Please set down exactly the lines of the listing below from the line containing "#59=AXIS2_PLACEMENT_3D('',#56,#57,#58);" through the line containing "#75=ADVANCED_FACE('F183',(#71,#74),#60,.T.);", both lines included, leaving out all other lines.

SUPPLIED MATERIAL below:

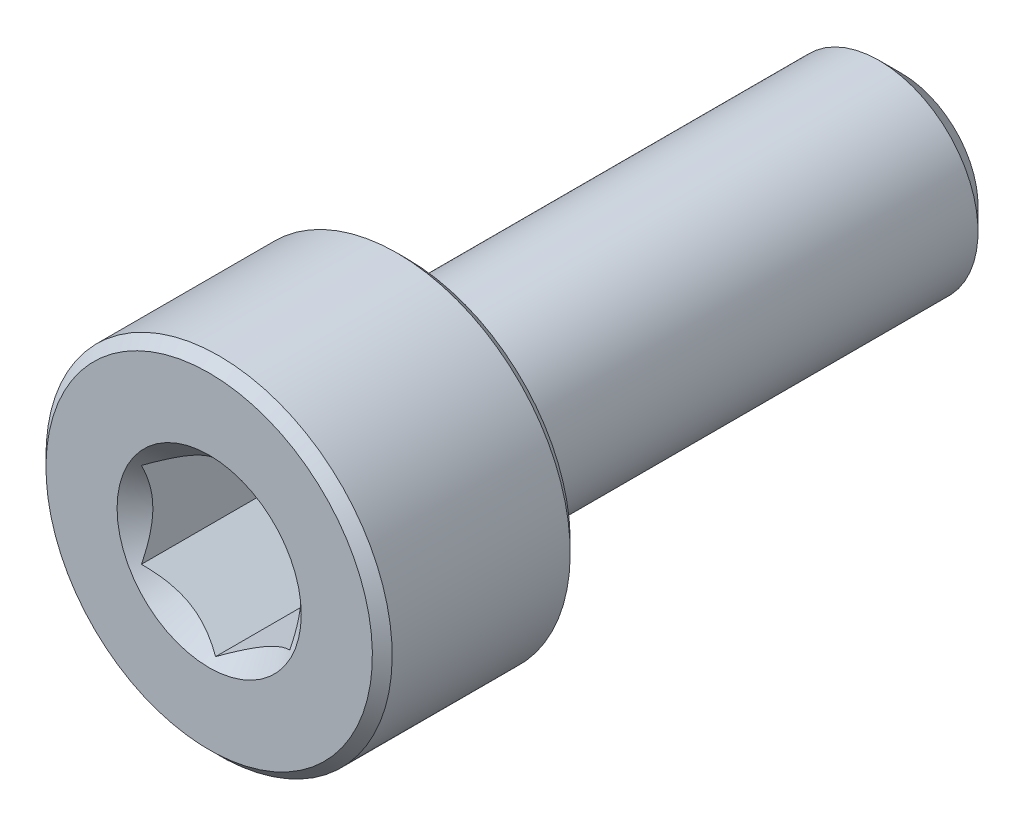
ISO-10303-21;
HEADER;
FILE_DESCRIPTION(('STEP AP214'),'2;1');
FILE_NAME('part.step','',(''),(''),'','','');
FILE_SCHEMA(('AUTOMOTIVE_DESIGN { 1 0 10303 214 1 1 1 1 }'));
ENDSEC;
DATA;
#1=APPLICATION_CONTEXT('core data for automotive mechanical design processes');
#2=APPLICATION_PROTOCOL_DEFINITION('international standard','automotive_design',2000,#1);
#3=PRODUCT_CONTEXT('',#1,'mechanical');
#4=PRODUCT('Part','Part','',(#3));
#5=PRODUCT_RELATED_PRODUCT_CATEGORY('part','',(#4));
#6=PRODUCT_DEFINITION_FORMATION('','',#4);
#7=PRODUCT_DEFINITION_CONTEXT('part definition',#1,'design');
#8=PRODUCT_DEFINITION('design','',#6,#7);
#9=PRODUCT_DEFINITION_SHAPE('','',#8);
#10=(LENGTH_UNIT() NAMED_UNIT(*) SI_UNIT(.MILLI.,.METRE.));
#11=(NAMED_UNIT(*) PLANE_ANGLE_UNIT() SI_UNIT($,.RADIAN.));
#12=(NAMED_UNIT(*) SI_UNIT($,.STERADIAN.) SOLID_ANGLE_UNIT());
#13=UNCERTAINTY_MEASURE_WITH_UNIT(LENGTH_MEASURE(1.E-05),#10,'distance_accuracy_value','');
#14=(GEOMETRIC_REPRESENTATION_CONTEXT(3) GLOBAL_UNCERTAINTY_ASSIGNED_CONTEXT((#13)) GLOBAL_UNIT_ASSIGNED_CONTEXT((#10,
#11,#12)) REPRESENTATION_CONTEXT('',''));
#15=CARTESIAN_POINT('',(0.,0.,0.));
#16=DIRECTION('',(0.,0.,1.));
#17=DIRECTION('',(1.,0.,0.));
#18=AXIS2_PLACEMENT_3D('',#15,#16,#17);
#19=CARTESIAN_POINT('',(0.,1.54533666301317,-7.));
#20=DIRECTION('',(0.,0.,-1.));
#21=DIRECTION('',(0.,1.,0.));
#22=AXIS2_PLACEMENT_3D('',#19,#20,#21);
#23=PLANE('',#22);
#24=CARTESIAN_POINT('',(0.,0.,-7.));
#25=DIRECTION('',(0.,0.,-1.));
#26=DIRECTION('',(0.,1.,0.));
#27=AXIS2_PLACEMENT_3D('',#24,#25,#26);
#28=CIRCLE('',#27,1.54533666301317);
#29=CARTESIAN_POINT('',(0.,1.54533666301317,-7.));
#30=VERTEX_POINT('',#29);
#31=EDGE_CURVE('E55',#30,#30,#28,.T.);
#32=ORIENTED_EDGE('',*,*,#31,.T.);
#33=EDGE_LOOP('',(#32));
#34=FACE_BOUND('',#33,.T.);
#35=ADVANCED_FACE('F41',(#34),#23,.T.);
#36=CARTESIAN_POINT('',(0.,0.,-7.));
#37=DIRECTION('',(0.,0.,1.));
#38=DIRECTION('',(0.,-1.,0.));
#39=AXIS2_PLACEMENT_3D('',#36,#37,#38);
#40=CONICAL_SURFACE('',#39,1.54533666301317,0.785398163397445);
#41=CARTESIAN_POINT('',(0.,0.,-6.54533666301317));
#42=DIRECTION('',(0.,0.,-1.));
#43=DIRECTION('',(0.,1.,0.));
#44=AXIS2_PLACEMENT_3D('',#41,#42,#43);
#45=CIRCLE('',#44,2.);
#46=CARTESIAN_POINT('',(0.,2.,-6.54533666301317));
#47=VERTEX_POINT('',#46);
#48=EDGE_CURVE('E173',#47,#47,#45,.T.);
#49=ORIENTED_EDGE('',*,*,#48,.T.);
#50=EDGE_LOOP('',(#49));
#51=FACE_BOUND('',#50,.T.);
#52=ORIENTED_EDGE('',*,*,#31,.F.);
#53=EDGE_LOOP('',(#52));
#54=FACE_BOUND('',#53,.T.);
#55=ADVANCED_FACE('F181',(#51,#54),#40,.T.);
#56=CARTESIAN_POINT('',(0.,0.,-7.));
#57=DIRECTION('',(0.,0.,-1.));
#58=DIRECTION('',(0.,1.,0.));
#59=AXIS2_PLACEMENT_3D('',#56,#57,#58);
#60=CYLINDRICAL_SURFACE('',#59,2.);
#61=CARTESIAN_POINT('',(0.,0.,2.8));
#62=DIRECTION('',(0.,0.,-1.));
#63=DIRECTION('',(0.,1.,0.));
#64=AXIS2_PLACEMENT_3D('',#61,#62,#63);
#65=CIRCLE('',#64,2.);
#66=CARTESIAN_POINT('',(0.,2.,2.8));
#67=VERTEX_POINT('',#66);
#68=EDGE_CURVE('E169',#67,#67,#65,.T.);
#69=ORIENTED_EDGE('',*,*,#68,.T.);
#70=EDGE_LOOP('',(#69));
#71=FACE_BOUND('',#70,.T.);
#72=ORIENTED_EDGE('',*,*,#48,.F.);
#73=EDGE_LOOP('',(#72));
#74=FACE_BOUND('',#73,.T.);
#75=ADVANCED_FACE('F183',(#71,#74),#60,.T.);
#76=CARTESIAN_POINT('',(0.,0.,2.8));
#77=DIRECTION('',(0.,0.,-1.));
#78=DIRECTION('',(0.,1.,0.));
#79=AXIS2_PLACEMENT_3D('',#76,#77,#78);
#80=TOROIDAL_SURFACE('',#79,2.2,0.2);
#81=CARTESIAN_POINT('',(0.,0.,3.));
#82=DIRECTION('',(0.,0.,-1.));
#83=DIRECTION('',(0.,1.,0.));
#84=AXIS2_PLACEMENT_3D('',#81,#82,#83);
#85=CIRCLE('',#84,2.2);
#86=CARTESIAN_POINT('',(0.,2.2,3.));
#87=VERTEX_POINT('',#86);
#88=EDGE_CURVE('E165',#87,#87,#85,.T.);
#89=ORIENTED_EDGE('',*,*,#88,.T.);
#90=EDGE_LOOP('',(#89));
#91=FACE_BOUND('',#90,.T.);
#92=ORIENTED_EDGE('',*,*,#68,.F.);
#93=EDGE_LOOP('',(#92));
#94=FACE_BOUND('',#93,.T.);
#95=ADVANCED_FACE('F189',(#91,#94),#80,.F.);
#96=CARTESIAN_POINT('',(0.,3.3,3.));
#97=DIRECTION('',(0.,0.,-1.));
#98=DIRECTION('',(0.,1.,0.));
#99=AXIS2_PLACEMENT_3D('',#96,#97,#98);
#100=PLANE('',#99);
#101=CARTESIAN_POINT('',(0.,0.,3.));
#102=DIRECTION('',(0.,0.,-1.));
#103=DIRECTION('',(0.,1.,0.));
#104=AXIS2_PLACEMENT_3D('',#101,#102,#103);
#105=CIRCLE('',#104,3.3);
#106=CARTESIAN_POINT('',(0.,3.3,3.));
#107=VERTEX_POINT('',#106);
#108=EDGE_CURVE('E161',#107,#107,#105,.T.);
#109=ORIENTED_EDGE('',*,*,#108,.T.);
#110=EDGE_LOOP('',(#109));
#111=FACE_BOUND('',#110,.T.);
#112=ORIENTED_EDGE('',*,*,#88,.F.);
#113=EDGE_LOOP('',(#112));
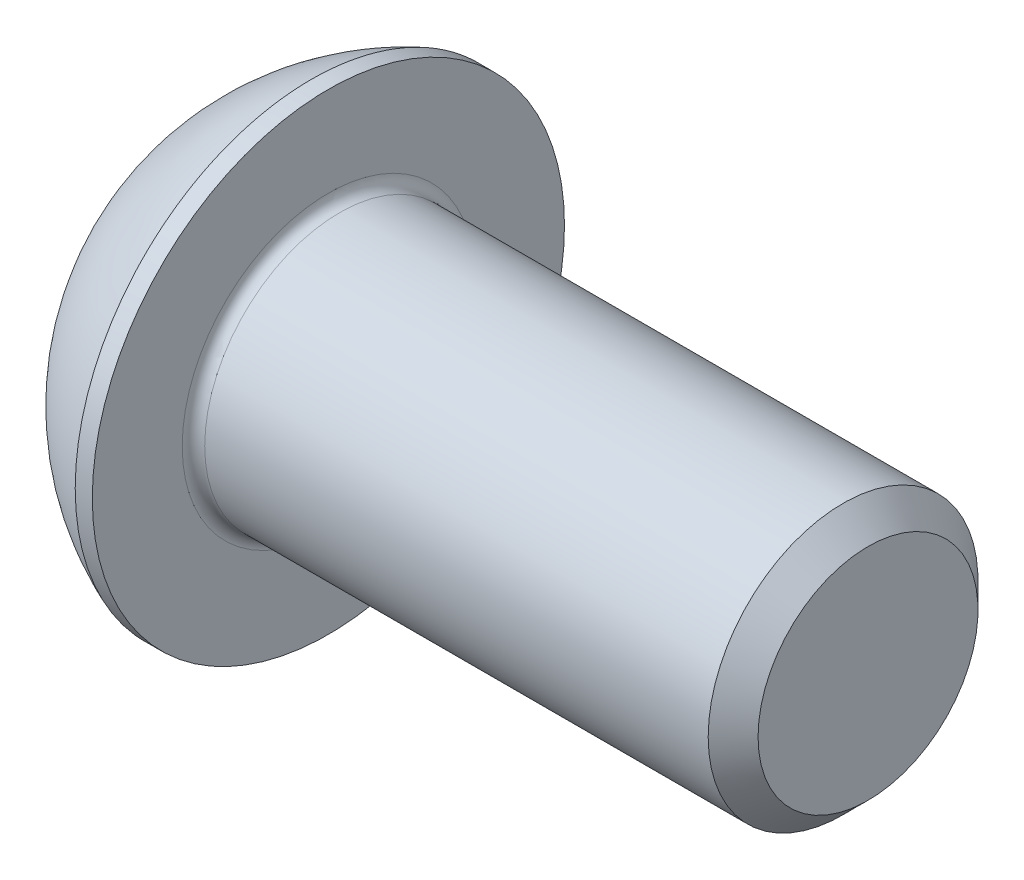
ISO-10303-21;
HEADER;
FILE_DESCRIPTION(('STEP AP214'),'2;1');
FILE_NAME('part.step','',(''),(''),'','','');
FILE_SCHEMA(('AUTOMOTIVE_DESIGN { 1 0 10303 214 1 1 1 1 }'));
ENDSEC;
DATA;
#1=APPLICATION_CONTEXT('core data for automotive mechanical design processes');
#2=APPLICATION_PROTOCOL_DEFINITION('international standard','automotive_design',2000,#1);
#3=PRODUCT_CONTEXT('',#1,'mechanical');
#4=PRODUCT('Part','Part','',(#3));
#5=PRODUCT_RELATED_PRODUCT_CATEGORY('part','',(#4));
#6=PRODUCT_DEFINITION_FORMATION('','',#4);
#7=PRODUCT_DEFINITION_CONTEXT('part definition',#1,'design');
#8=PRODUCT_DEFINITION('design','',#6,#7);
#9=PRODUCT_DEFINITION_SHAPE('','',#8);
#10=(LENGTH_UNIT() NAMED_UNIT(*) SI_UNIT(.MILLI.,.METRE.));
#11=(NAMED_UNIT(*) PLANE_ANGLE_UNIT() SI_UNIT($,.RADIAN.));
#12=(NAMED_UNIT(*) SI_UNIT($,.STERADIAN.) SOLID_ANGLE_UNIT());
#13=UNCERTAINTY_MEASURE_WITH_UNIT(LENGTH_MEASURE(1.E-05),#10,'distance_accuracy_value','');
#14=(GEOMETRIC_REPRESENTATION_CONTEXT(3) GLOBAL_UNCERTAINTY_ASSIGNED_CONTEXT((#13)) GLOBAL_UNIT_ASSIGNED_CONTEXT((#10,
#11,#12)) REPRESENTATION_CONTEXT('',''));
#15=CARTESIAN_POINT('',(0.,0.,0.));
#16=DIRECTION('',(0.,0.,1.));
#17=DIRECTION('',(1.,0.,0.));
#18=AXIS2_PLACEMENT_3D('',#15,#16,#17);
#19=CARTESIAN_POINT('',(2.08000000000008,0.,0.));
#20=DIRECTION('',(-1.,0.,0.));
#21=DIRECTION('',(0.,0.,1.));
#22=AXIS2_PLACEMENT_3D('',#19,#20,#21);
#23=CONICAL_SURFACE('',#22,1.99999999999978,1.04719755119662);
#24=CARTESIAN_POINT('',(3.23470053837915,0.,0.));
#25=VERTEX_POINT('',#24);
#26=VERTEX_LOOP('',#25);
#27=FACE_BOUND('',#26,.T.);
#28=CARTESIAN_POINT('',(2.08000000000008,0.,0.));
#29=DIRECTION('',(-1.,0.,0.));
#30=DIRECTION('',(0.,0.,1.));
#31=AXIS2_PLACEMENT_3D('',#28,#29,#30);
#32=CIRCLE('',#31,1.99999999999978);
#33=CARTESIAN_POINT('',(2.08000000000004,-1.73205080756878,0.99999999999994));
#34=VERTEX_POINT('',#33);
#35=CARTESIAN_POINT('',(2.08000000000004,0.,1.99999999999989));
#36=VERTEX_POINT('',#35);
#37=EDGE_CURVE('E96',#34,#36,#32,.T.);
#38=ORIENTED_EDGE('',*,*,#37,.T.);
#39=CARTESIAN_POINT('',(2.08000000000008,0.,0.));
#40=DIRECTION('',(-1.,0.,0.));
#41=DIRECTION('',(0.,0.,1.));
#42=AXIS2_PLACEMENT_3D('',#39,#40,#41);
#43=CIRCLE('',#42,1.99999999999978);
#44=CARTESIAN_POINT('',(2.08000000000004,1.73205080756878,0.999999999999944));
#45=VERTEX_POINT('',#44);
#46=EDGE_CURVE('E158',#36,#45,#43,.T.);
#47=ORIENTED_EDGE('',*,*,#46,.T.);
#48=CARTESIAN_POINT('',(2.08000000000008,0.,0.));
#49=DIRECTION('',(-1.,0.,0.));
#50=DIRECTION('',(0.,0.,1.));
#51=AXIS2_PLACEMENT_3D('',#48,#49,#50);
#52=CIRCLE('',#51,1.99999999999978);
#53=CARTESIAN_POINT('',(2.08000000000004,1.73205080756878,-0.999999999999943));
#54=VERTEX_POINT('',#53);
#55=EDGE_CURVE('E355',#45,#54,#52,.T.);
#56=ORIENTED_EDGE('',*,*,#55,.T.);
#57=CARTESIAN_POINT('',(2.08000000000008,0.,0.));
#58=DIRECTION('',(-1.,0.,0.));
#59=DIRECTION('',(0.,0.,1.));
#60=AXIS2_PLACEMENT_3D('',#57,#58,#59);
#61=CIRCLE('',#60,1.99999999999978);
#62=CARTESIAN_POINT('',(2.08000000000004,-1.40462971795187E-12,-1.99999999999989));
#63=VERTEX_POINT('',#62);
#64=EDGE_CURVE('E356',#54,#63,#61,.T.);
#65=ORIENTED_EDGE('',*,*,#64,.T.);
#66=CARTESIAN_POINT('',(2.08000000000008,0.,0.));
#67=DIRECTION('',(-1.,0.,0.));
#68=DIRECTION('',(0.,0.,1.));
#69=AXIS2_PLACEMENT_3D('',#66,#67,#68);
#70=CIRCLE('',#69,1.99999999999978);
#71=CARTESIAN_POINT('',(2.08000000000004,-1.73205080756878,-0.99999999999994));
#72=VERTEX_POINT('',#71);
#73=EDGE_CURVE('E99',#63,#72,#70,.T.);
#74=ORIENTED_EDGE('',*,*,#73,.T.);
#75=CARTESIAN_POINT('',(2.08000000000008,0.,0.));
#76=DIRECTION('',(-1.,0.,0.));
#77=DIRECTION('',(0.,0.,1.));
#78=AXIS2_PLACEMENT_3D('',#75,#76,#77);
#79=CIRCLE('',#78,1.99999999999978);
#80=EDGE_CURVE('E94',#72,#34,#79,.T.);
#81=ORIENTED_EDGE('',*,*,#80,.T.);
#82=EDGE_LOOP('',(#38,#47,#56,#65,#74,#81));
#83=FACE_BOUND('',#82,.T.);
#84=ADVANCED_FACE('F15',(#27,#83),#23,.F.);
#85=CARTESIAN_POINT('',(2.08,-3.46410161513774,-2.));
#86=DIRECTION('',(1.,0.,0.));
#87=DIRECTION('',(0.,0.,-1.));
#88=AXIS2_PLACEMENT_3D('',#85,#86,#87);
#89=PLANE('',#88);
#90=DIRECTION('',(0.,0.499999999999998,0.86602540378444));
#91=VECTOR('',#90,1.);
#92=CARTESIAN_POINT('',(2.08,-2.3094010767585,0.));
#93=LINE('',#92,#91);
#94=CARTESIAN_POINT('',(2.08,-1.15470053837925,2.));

End of SUPPLIED MATERIAL.

WRITTEN RESPONSE:
#59=AXIS2_PLACEMENT_3D('',#56,#57,#58);
#60=CYLINDRICAL_SURFACE('',#59,2.);
#61=CARTESIAN_POINT('',(0.,0.,2.8));
#62=DIRECTION('',(0.,0.,-1.));
#63=DIRECTION('',(0.,1.,0.));
#64=AXIS2_PLACEMENT_3D('',#61,#62,#63);
#65=CIRCLE('',#64,2.);
#66=CARTESIAN_POINT('',(0.,2.,2.8));
#67=VERTEX_POINT('',#66);
#68=EDGE_CURVE('E169',#67,#67,#65,.T.);
#69=ORIENTED_EDGE('',*,*,#68,.T.);
#70=EDGE_LOOP('',(#69));
#71=FACE_BOUND('',#70,.T.);
#72=ORIENTED_EDGE('',*,*,#48,.F.);
#73=EDGE_LOOP('',(#72));
#74=FACE_BOUND('',#73,.T.);
#75=ADVANCED_FACE('F183',(#71,#74),#60,.T.);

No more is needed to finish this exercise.